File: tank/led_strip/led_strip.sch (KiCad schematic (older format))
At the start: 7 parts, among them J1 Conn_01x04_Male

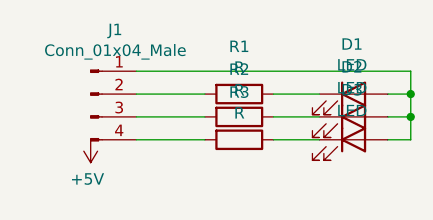
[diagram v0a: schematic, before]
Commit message: LED strip version 0.2
- fix orientation of LED footprints
- fix unconnected traces (DOH.)
- attempt to use local footprint library
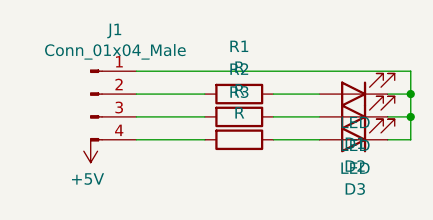
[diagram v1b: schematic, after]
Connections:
- net at R1.1: now also D1.2 (A); no longer D1.1 (K)
- net at R2.1: now also D2.2 (A); no longer D2.1 (K)
- net at R3.1: now also D3.2 (A); no longer D3.1 (K)
- new net: D1.1 (K), D2.1 (K), D3.1 (K), J1.1 (Pin_1)
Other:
- moved on the sheet: D1, D2, D3
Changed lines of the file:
@@
 F 3 "~" H 4850 3050 50  0001 C CNN
 	1    4850 3050
-	1    0    0    -1
+	-1   0    0    1
 $EndComp
 $Comp
@@
 F 3 "~" H 4850 3150 50  0001 C CNN
 	1    4850 3150
-	1    0    0    -1
+	-1   0    0    1
 $EndComp
 $Comp
@@
 F 3 "~" H 4850 3250 50  0001 C CNN
 	1    4850 3250
-	1    0    0    -1
+	-1   0    0    1
 $EndComp
 Wire Wire Line

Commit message: LED version 0.3 - Cannot believe I screwed-up the footprints twice in a row. - Made a little wider for mounting-hole
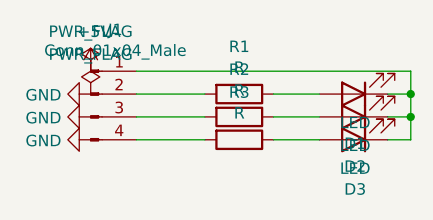
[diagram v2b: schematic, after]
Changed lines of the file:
@@
 Wire Wire Line
 	4500 3150 4700 3150
+Wire Wire Line
+	5100 3050 5100 2950
+Connection ~ 5100 3050
+Wire Wire Line
+	3900 3250 4200 3250
+Wire Wire Line
+	3900 3150 4200 3150
+Wire Wire Line
+	4500 3250 4700 3250
+Wire Wire Line
+	5000 3250 5100 3250
+$Comp
+L power:GND #PWR0101
+U 1 1 614FA139
+P 3700 3250
+F 0 "#PWR0101" H 3700 3000 50  0001 C CNN
+F 1 "GND" V 3705 3122 50  0000 R CNN
+F 2 "" H 3700 3250 50  0001 C CNN
+F 3 "" H 3700 3250 50  0001 C CNN
+	1    3700 3250
+	0    1    1    0
+$EndComp
+$Comp
+L power:GND #PWR0102
+U 1 1 614FA5C0
+P 3700 3150
+F 0 "#PWR0102" H 3700 2900 50  0001 C CNN
+F 1 "GND" V 3705 3022 50  0000 R CNN
+F 2 "" H 3700 3150 50  0001 C CNN
+F 3 "" H 3700 3150 50  0001 C CNN
+	1    3700 3150
+	0    1    1    0
+$EndComp
+$Comp
+L power:GND #PWR0103
+U 1 1 614FAA74
+P 3700 3050
+F 0 "#PWR0103" H 3700 2800 50  0001 C CNN
+F 1 "GND" V 3705 2922 50  0000 R CNN
+F 2 "" H 3700 3050 50  0001 C CNN
+F 3 "" H 3700 3050 50  0001 C CNN
+	1    3700 3050
+	0    1    1    0
+$EndComp
 $Comp
 L Connector:Conn_01x04_Male J1
@@
 	1    0    0    -1
 $EndComp
+Wire Wire Line
+	3900 2950 5100 2950
 $Comp
-L power:+5V #PWR0101
-U 1 1 5EC7F71B
-P 3700 3250
-F 0 "#PWR0101" H 3700 3100 50  0001 C CNN
-F 1 "+5V" H 3715 3423 50  0000 C CNN
-F 2 "" H 3700 3250 50  0001 C CNN
-F 3 "" H 3700 3250 50  0001 C CNN
-	1    3700 3250
-	-1   0    0    1
+L power:PWR_FLAG #FLG0101
+U 1 1 614FFE5A
+P 3700 2950
+F 0 "#FLG0101" H 3700 3025 50  0001 C CNN
+F 1 "PWR_FLAG" H 3700 3123 50  0000 C CNN
+F 2 "" H 3700 2950 50  0001 C CNN
+F 3 "~" H 3700 2950 50  0001 C CNN
+	1    3700 2950
+	1    0    0    -1
+$EndComp
+$Comp
+L power:+5V #PWR0105
+U 1 1 6150140B
+P 3700 2950
+F 0 "#PWR0105" H 3700 2800 50  0001 C CNN
+F 1 "+5V" H 3715 3123 50  0000 C CNN
+F 2 "" H 3700 2950 50  0001 C CNN
+F 3 "" H 3700 2950 50  0001 C CNN
+	1    3700 2950
+	1    0    0    -1
 $EndComp
 Wire Wire Line
-	5100 3050 5100 2950
-Wire Wire Line
-	3900 2950 5100 2950
-Connection ~ 5100 3050
-Wire Wire Line
 	3900 3050 4200 3050
-Wire Wire Line
-	3900 3250 4200 3250
-Wire Wire Line
-	3900 3150 4200 3150
-Wire Wire Line
-	4500 3250 4700 3250
-Wire Wire Line
-	5000 3250 5100 3250
+$Comp
+L power:PWR_FLAG #FLG0102
+U 1 1 61507E52
+P 3700 3050
+F 0 "#FLG0102" H 3700 3125 50  0001 C CNN
+F 1 "PWR_FLAG" H 3700 3223 50  0000 C CNN
+F 2 "" H 3700 3050 50  0001 C CNN
+F 3 "~" H 3700 3050 50  0001 C CNN
+	1    3700 3050
+	1    0    0    -1
+$EndComp
 $EndSCHEMATC

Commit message: Major cleanup. I localized all the footprint and symbol libraries.
I deleted most of the rescue stuff.

I still need to finish-up changes to the turret board.

Now this checkout should work "out of the box".
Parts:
- removed J1: Conn_01x04_Male, Connector_JST:JST_EH_B4B-EH-A_1x04_P2.50mm_Vertical, symbol Connector:Conn_01x04_Male
- added J1: Conn_01x04_Male, custom:JST_EH_B4B-EH-A_1x04_P2.50mm_Vertical, symbol custom:Conn_01x04_Male
- D1, D2, D3: footprint LED_THT:LED_D5.0mm -> custom:LED_D5.0mm; symbol Device:LED -> custom:LED
- R1, R2, R3: footprint Resistor_THT:R_Axial_DIN0207_L6.3mm_D2.5mm_P7.62mm_Horizontal -> custom:R_Axial_DIN0207_L6.3mm_D2.5mm_P7.62mm_Horizontal; symbol Device:R -> custom:R
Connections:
- net at R1.1: now also D1.1 (K); no longer D1.2 (A)
- net at R1.2: now also J1.2 (Pin_2)
- net at R2.1: now also D2.1 (K); no longer D2.2 (A)
- net at R2.2: now also J1.3 (Pin_3)
- net at R3.1: now also D3.1 (K); no longer D3.2 (A)
- net at R3.2: now also J1.4 (Pin_4)
- new net: D1.2 (A), D2.2 (A), D3.2 (A), J1.1 (Pin_1)
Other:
- moved on the sheet: D1, D2, D3
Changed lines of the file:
@@
 $EndDescr
 $Comp
-L Device:R R1
+L custom:R R1
 U 1 1 5EC770AE
 P 4350 3050
 F 0 "R1" V 4143 3050 50  0000 C CNN
 F 1 "R" V 4234 3050 50  0000 C CNN
-F 2 "Resistor_THT:R_Axial_DIN0207_L6.3mm_D2.5mm_P7.62mm_Horizontal" V 4280 3050 50  0001 C CNN
+F 2 "custom:R_Axial_DIN0207_L6.3mm_D2.5mm_P7.62mm_Horizontal" V 4280 3050 50  0001 C CNN
 F 3 "~" H 4350 3050 50  0001 C CNN
 	1    4350 3050
@@
 $EndComp
 $Comp
-L Device:R R2
+L custom:R R2
 U 1 1 5EC7790E
 P 4350 3150
 F 0 "R2" V 4143 3150 50  0000 C CNN
 F 1 "R" V 4234 3150 50  0000 C CNN
-F 2 "Resistor_THT:R_Axial_DIN0207_L6.3mm_D2.5mm_P7.62mm_Horizontal" V 4280 3150 50  0001 C CNN
+F 2 "custom:R_Axial_DIN0207_L6.3mm_D2.5mm_P7.62mm_Horizontal" V 4280 3150 50  0001 C CNN
 F 3 "~" H 4350 3150 50  0001 C CNN
 	1    4350 3150
@@
 $EndComp
 $Comp
-L Device:R R3
+L custom:R R3
 U 1 1 5EC77A2A
 P 4350 3250
 F 0 "R3" V 4143 3250 50  0000 C CNN
 F 1 "R" V 4234 3250 50  0000 C CNN
-F 2 "Resistor_THT:R_Axial_DIN0207_L6.3mm_D2.5mm_P7.62mm_Horizontal" V 4280 3250 50  0001 C CNN
+F 2 "custom:R_Axial_DIN0207_L6.3mm_D2.5mm_P7.62mm_Horizontal" V 4280 3250 50  0001 C CNN
 F 3 "~" H 4350 3250 50  0001 C CNN
 	1    4350 3250
@@
 $EndComp
 $Comp
-L Device:LED D1
+L custom:LED D1
 U 1 1 5EC77B5D
 P 4850 3050
 F 0 "D1" H 4843 3267 50  0000 C CNN
 F 1 "LED" H 4843 3176 50  0000 C CNN
-F 2 "LED_THT:LED_D5.0mm" H 4850 3050 50  0001 C CNN
+F 2 "custom:LED_D5.0mm" H 4850 3050 50  0001 C CNN
 F 3 "~" H 4850 3050 50  0001 C CNN
 	1    4850 3050
-	-1   0    0    1
+	1    0    0    -1
 $EndComp
 $Comp
-L Device:LED D2
+L custom:LED D2
 U 1 1 5EC7AB50
 P 4850 3150
 F 0 "D2" H 4843 3367 50  0000 C CNN
 F 1 "LED" H 4843 3276 50  0000 C CNN
-F 2 "LED_THT:LED_D5.0mm" H 4850 3150 50  0001 C CNN
+F 2 "custom:LED_D5.0mm" H 4850 3150 50  0001 C CNN
 F 3 "~" H 4850 3150 50  0001 C CNN
 	1    4850 3150
-	-1   0    0    1
+	1    0    0    -1
 $EndComp
 $Comp
-L Device:LED D3
+L custom:LED D3
 U 1 1 5EC7AD38
 P 4850 3250
 F 0 "D3" H 4843 3467 50  0000 C CNN
 F 1 "LED" H 4843 3376 50  0000 C CNN
-F 2 "LED_THT:LED_D5.0mm" H 4850 3250 50  0001 C CNN
+F 2 "custom:LED_D5.0mm" H 4850 3250 50  0001 C CNN
 F 3 "~" H 4850 3250 50  0001 C CNN
 	1    4850 3250
-	-1   0    0    1
+	1    0    0    -1
 $EndComp
 Wire Wire Line
@@
 Wire Wire Line
 	5000 3250 5100 3250
+Wire Wire Line
+	3900 2950 5100 2950
+Wire Wire Line
+	3900 3050 4200 3050
 $Comp
-L power:GND #PWR0101
-U 1 1 614FA139
-P 3700 3250
-F 0 "#PWR0101" H 3700 3000 50  0001 C CNN
-F 1 "GND" V 3705 3122 50  0000 R CNN
-F 2 "" H 3700 3250 50  0001 C CNN
-F 3 "" H 3700 3250 50  0001 C CNN
-	1    3700 3250
-	0    1    1    0
-$EndComp
-$Comp
-L power:GND #PWR0102
-U 1 1 614FA5C0
-P 3700 3150
-F 0 "#PWR0102" H 3700 2900 50  0001 C CNN
-F 1 "GND" V 3705 3022 50  0000 R CNN
-F 2 "" H 3700 3150 50  0001 C CNN
-F 3 "" H 3700 3150 50  0001 C CNN
-	1    3700 3150
-	0    1    1    0
-$EndComp
-$Comp
-L power:GND #PWR0103
-U 1 1 614FAA74
-P 3700 3050
-F 0 "#PWR0103" H 3700 2800 50  0001 C CNN
-F 1 "GND" V 3705 2922 50  0000 R CNN
-F 2 "" H 3700 3050 50  0001 C CNN
-F 3 "" H 3700 3050 50  0001 C CNN
-	1    3700 3050
-	0    1    1    0
-$EndComp
-$Comp
-L Connector:Conn_01x04_Male J1
-U 1 1 5EC7F715
+L custom:Conn_01x04_Male J1
+U 1 1 61FCAD98
 P 3700 3050
 F 0 "J1" H 3808 3331 50  0000 C CNN
 F 1 "Conn_01x04_Male" H 3808 3240 50  0000 C CNN
-F 2 "Connector_JST:JST_EH_B4B-EH-A_1x04_P2.50mm_Vertical" H 3700 3050 50  0001 C CNN
-F 3 "~" H 3700 3050 50  0001 C CNN
+F 2 "custom:JST_EH_B4B-EH-A_1x04_P2.50mm_Vertical" H 3700 3050 50  0001 C CNN
+F 3 "" H 3700 3050 50  0001 C CNN
 	1    3700 3050
 	1    0    0    -1
-$EndComp
-Wire Wire Line
-	3900 2950 5100 2950
-$Comp
-L power:PWR_FLAG #FLG0101
-U 1 1 614FFE5A
-P 3700 2950
-F 0 "#FLG0101" H 3700 3025 50  0001 C CNN
-F 1 "PWR_FLAG" H 3700 3123 50  0000 C CNN
-F 2 "" H 3700 2950 50  0001 C CNN
-F 3 "~" H 3700 2950 50  0001 C CNN
-	1    3700 2950
-	1    0    0    -1
-$EndComp
-$Comp
-L power:+5V #PWR0105
-U 1 1 6150140B
-P 3700 2950
-F 0 "#PWR0105" H 3700 2800 50  0001 C CNN
-F 1 "+5V" H 3715 3123 50  0000 C CNN
-F 2 "" H 3700 2950 50  0001 C CNN
-F 3 "" H 3700 2950 50  0001 C CNN
-	1    3700 2950
-	1    0    0    -1
-$EndComp
-Wire Wire Line
-	3900 3050 4200 3050
-$Comp
-L power:PWR_FLAG #FLG0102
-U 1 1 61507E52
-P 3700 3050
-F 0 "#FLG0102" H 3700 3125 50  0001 C CNN
-F 1 "PWR_FLAG" H 3700 3223 50  0000 C CNN
-F 2 "" H 3700 3050 50  0001 C CNN
-F 3 "~" H 3700 3050 50  0001 C CNN
-	1    3700 3050
-	1    0    0    -1
==============================
• [Directions] Go through the material above and count the lines that contain "diagram"; give that number alone.

• [Exercise output] 3